Source data:
○ ○ ○
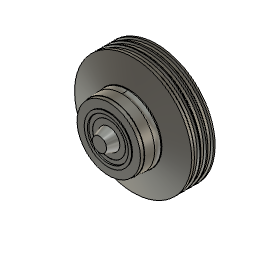
Suspension (Autodesk Fusion 360 design; units mm, degrees)
Autodesk Fusion 360 part; units mm, degrees
note: some values were not read from the file. Set by a fixed rule: which sketch regions a step uses.
sketch "Sketch1" plane through (0, 0, 0) normal (1, 0, 0) x (0, 1, 0) in component "Hind Drum "
  line L0 (0, 0) -> (0, 20.9296)
  line L1 (0, 20.9296) -> (-3.1394, 20.9296)
  line L2 (-10.988, 18.3134) -> (-5.7556, 18.3134)
  line L3 (-5.7556, 18.3134) -> (-3.1394, 20.9296)
  line L4 (-10.988, 18.3134) -> (-8.3718, 18.3134) construction
  line L5 (-8.3718, 18.3134) -> (-8.3718, 26.3527) construction
  line L6 (-10.988, 18.3134) -> (-13.6042, 20.9296)
  line L7 (-13.6042, 20.9296) -> (-16.2204, 20.9296)
  line L8 (-16.2204, 20.9296) -> (-18.8366, 18.3134)
  line L9 (-18.8366, 18.3134) -> (-24.069, 18.3134)
  line L10 (-24.069, 18.3134) -> (-26.6852, 20.9296)
  line L11 (-26.6852, 20.9296) -> (-28.255, 20.9296)
  line L12 (-28.255, 20.9296) -> (-31.0112, 18.3172)
  line L13 (-31.0112, 18.3172) -> (-36.2436, 18.3172)
  line L14 (-36.2436, 18.3172) -> (-38.7198, 20.9296)
  line L15 (-38.7198, 20.9296) -> (-43.9168, 20.9296)
  line L16 (0, 0) -> (-3.7685, 0)
  line L17 (-3.7685, 0) -> (-9.4336, 9.8123)
  line L18 (-9.4336, 9.8123) -> (-25.1308, 9.8123)
  line L19 (-34.5579, -88.9394) -> (-107.1355, -88.9394)
  line L20 (-107.1355, -88.9394) -> (-107.1355, -75.4982)
  line L21 (-107.1355, -75.4982) -> (-89.1773, -68.7615)
  line L22 (-89.1773, -68.7615) -> (-89.1807, -58.1112)
  line L23 (-89.1807, -58.1112) -> (-88.9739, -58.1112)
  line L24 (-88.9739, -58.1112) -> (-88.9762, -50.884)
  line L25 (-88.9762, -50.884) -> (-91.2673, -50.4985)
  line L26 (-91.2673, -50.4985) -> (-91.2692, -44.494)
  line L27 (-91.2692, -44.494) -> (-89.6864, -44.494)
  line L28 (-30.7894, 0.0114) -> (-25.1308, 9.8123)
  line L29 (-30.7894, 0.0114) -> (-34.5579, 0.0114)
  line L30 (-34.5579, 0.0114) -> (-34.5579, -88.9394)
  line L31 (-89.6864, -44.494) -> (-89.6864, -29.1366) construction
  line L32 (-89.6864, -44.494) -> (-89.6864, -29.1366)
  line L33 (-43.9168, 20.9296) -> (-52.5788, -26.3177)
  line L34 (-89.6864, -29.1366) -> (-90.3623, -29.1833)
  line L35 (-90.3623, -29.1833) -> (-90.1625, -29.512)
  line L36 (-90.1625, -29.512) -> (-83.1057, -29.0238)
  line L37 (-83.1057, -29.0238) -> (-82.7918, -28.474)
  line L38 (-82.7918, -28.474) -> (-65.5779, -27.2832)
  line L39 (-65.5779, -27.2832) -> (-65.1468, -27.2534)
  spline S0 degree 5 poles (-65.1468, -27.2534) (-65.066, -27.3424) (-64.8912, -27.5103) (-64.5889, -27.7318) (-64.1045, -27.9656) (-63.356, -28.1495) (-62.4566, -28.219) (-61.4038, -28.1724) (-60.2075, -28.017) (-58.8821, -27.7639) (-57.4422, -27.424) (-56.2081, -27.0898) (-55.2397, -26.8067) (-54.5753, -26.6038) (-54.2384, -26.4988) knots 0 0 0 0 0 0 0.1 0.2 0.3 0.4 0.5 0.6 0.7 0.8 0.9 1 1 1 1 1 1
  line L40 (-54.2384, -26.4988) -> (-52.5788, -26.3177)
  point P0 (-62.5199, -28.1882)
  dimension "d14" = 120
  dimension "d24" = 120
  constraint coincident L0.start L16.start
  constraint vertical L0
  constraint perpendicular L0 L1
  constraint horizontal L2
  constraint midpoint L2 L4.end
  constraint perpendicular L2 L5
  constraint horizontal L7
  constraint horizontal L9
  constraint equal L3 L8
  constraint horizontal L11
  constraint parallel L11 L13
  constraint horizontal L15
  constraint perpendicular L0 L16
  constraint horizontal L18
  constraint horizontal L19
  constraint perpendicular L19 L20
  constraint perpendicular L22 L23
  constraint perpendicular L23 L24
  constraint perpendicular L23 L26
  constraint horizontal L29
  constraint equal L16 L29
  constraint coincident L18.end L28.end
  constraint perpendicular L29 L30
  constraint coincident L29.end L30.start
  constraint perpendicular L27 L31
  measures "d14" angle of L16 L17
  measures "d24" angle of L28 L29
revolve "Revolve1" add sketch "Sketch1" angle 360 about axis through (0, -34.5579, -88.9394) along (0, -1, 0) contours L0 L1 L2 L3 L6 L7 L8 L9 L10 L11 L12 L13 L14 L15 L16 L17 L18 L19 L20 L21 L22 L23 L24 L25 L26 L27 L28 L29 L30 L32 L33 L36 L37 L38 L39 S0 L40 in component "Hind Drum "
move_body "Move1" bodies 1 to x (1, 0, 0) y (0, 1, 0) z (0, 0, 1) at (0, 107.1355, 88.9394) in component "Hind Drum "
component "Hind Drum " placed x (1, 0, 0) y (0, 1, 0) z (0, 0, 1) at (0, 0, 0)
component "Hind Drum " placed x (1, 0, 0) y (0, 1, 0) z (0, 0, 1) at (172.2981, 542.1576, 0)
○ ○ ○
The listing above should be returned word for word, with pictures omitted.

Suspension (Autodesk Fusion 360 design; units mm, degrees)
Autodesk Fusion 360 part; units mm, degrees
note: some values were not read from the file. Set by a fixed rule: which sketch regions a step uses.
sketch "Sketch1" plane through (0, 0, 0) normal (1, 0, 0) x (0, 1, 0) in component "Hind Drum "
  line L0 (0, 0) -> (0, 20.9296)
  line L1 (0, 20.9296) -> (-3.1394, 20.9296)
  line L2 (-10.988, 18.3134) -> (-5.7556, 18.3134)
  line L3 (-5.7556, 18.3134) -> (-3.1394, 20.9296)
  line L4 (-10.988, 18.3134) -> (-8.3718, 18.3134) construction
  line L5 (-8.3718, 18.3134) -> (-8.3718, 26.3527) construction
  line L6 (-10.988, 18.3134) -> (-13.6042, 20.9296)
  line L7 (-13.6042, 20.9296) -> (-16.2204, 20.9296)
  line L8 (-16.2204, 20.9296) -> (-18.8366, 18.3134)
  line L9 (-18.8366, 18.3134) -> (-24.069, 18.3134)
  line L10 (-24.069, 18.3134) -> (-26.6852, 20.9296)
  line L11 (-26.6852, 20.9296) -> (-28.255, 20.9296)
  line L12 (-28.255, 20.9296) -> (-31.0112, 18.3172)
  line L13 (-31.0112, 18.3172) -> (-36.2436, 18.3172)
  line L14 (-36.2436, 18.3172) -> (-38.7198, 20.9296)
  line L15 (-38.7198, 20.9296) -> (-43.9168, 20.9296)
  line L16 (0, 0) -> (-3.7685, 0)
  line L17 (-3.7685, 0) -> (-9.4336, 9.8123)
  line L18 (-9.4336, 9.8123) -> (-25.1308, 9.8123)
  line L19 (-34.5579, -88.9394) -> (-107.1355, -88.9394)
  line L20 (-107.1355, -88.9394) -> (-107.1355, -75.4982)
  line L21 (-107.1355, -75.4982) -> (-89.1773, -68.7615)
  line L22 (-89.1773, -68.7615) -> (-89.1807, -58.1112)
  line L23 (-89.1807, -58.1112) -> (-88.9739, -58.1112)
  line L24 (-88.9739, -58.1112) -> (-88.9762, -50.884)
  line L25 (-88.9762, -50.884) -> (-91.2673, -50.4985)
  line L26 (-91.2673, -50.4985) -> (-91.2692, -44.494)
  line L27 (-91.2692, -44.494) -> (-89.6864, -44.494)
  line L28 (-30.7894, 0.0114) -> (-25.1308, 9.8123)
  line L29 (-30.7894, 0.0114) -> (-34.5579, 0.0114)
  line L30 (-34.5579, 0.0114) -> (-34.5579, -88.9394)
  line L31 (-89.6864, -44.494) -> (-89.6864, -29.1366) construction
  line L32 (-89.6864, -44.494) -> (-89.6864, -29.1366)
  line L33 (-43.9168, 20.9296) -> (-52.5788, -26.3177)
  line L34 (-89.6864, -29.1366) -> (-90.3623, -29.1833)
  line L35 (-90.3623, -29.1833) -> (-90.1625, -29.512)
  line L36 (-90.1625, -29.512) -> (-83.1057, -29.0238)
  line L37 (-83.1057, -29.0238) -> (-82.7918, -28.474)
  line L38 (-82.7918, -28.474) -> (-65.5779, -27.2832)
  line L39 (-65.5779, -27.2832) -> (-65.1468, -27.2534)
  spline S0 degree 5 poles (-65.1468, -27.2534) (-65.066, -27.3424) (-64.8912, -27.5103) (-64.5889, -27.7318) (-64.1045, -27.9656) (-63.356, -28.1495) (-62.4566, -28.219) (-61.4038, -28.1724) (-60.2075, -28.017) (-58.8821, -27.7639) (-57.4422, -27.424) (-56.2081, -27.0898) (-55.2397, -26.8067) (-54.5753, -26.6038) (-54.2384, -26.4988) knots 0 0 0 0 0 0 0.1 0.2 0.3 0.4 0.5 0.6 0.7 0.8 0.9 1 1 1 1 1 1
  line L40 (-54.2384, -26.4988) -> (-52.5788, -26.3177)
  point P0 (-62.5199, -28.1882)
  dimension "d14" = 120
  dimension "d24" = 120
  constraint coincident L0.start L16.start
  constraint vertical L0
  constraint perpendicular L0 L1
  constraint horizontal L2
  constraint midpoint L2 L4.end
  constraint perpendicular L2 L5
  constraint horizontal L7
  constraint horizontal L9
  constraint equal L3 L8
  constraint horizontal L11
  constraint parallel L11 L13
  constraint horizontal L15
  constraint perpendicular L0 L16
  constraint horizontal L18
  constraint horizontal L19
  constraint perpendicular L19 L20
  constraint perpendicular L22 L23
  constraint perpendicular L23 L24
  constraint perpendicular L23 L26
  constraint horizontal L29
  constraint equal L16 L29
  constraint coincident L18.end L28.end
  constraint perpendicular L29 L30
  constraint coincident L29.end L30.start
  constraint perpendicular L27 L31
  measures "d14" angle of L16 L17
  measures "d24" angle of L28 L29
revolve "Revolve1" add sketch "Sketch1" angle 360 about axis through (0, -34.5579, -88.9394) along (0, -1, 0) contours L0 L1 L2 L3 L6 L7 L8 L9 L10 L11 L12 L13 L14 L15 L16 L17 L18 L19 L20 L21 L22 L23 L24 L25 L26 L27 L28 L29 L30 L32 L33 L36 L37 L38 L39 S0 L40 in component "Hind Drum "
move_body "Move1" bodies 1 to x (1, 0, 0) y (0, 1, 0) z (0, 0, 1) at (0, 107.1355, 88.9394) in component "Hind Drum "
component "Hind Drum " placed x (1, 0, 0) y (0, 1, 0) z (0, 0, 1) at (0, 0, 0)
component "Hind Drum " placed x (1, 0, 0) y (0, 1, 0) z (0, 0, 1) at (172.2981, 542.1576, 0)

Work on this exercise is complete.